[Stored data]
((

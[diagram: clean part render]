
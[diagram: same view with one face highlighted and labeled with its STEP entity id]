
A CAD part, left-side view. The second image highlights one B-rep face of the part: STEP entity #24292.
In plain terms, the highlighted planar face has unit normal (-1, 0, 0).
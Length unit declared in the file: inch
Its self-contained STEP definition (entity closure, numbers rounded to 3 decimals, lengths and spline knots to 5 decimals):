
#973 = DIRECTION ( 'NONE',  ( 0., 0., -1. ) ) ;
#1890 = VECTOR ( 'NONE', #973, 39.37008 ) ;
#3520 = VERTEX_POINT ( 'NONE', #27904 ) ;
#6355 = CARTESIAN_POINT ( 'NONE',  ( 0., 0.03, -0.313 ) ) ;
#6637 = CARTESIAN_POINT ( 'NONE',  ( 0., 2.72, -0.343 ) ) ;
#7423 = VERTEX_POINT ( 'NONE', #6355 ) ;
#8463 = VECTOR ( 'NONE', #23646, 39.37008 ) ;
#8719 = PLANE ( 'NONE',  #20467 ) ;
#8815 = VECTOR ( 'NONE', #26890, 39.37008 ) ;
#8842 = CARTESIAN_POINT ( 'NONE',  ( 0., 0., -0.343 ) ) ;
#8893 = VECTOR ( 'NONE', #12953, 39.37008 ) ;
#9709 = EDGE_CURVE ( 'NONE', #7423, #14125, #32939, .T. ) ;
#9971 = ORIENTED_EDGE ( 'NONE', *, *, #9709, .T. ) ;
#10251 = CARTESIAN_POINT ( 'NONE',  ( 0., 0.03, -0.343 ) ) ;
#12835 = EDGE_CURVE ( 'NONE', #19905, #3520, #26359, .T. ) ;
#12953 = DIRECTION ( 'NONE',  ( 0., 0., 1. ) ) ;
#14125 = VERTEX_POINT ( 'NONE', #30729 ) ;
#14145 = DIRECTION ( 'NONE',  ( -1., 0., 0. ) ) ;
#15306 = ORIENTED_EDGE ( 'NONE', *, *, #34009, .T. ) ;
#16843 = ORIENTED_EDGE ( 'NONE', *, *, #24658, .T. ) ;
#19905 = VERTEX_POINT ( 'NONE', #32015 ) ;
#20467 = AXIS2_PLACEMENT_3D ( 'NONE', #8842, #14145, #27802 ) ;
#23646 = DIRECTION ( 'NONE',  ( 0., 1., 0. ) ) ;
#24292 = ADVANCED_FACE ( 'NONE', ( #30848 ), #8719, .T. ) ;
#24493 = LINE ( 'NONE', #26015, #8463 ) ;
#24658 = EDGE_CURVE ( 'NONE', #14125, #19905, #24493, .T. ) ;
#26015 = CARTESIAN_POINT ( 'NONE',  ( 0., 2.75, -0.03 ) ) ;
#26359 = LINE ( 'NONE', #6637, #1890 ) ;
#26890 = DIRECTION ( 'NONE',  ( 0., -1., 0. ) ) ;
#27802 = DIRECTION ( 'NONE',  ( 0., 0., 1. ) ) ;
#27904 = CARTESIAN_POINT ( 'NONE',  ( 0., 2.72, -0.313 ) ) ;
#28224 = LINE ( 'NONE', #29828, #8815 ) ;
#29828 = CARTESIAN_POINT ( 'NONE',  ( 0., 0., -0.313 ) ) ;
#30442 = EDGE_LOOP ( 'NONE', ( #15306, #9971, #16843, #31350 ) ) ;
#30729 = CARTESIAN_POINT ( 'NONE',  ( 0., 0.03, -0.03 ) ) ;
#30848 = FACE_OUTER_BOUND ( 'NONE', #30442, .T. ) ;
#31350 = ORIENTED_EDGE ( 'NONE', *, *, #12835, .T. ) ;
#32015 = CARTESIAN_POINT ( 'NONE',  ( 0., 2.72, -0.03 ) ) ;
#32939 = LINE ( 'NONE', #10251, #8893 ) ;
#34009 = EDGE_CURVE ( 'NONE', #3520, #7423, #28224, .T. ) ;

))

## Task directions
Return exactly the lines above from the line that has "#19905 = VERTEX_POINT ( 'NONE', #32015 ) ;" through the line that has "#24493 = LINE ( 'NONE', #26015, #8463 ) ;", inclusive, and nothing else.

## Result of the exercise
#19905 = VERTEX_POINT ( 'NONE', #32015 ) ;
#20467 = AXIS2_PLACEMENT_3D ( 'NONE', #8842, #14145, #27802 ) ;
#23646 = DIRECTION ( 'NONE',  ( 0., 1., 0. ) ) ;
#24292 = ADVANCED_FACE ( 'NONE', ( #30848 ), #8719, .T. ) ;
#24493 = LINE ( 'NONE', #26015, #8463 ) ;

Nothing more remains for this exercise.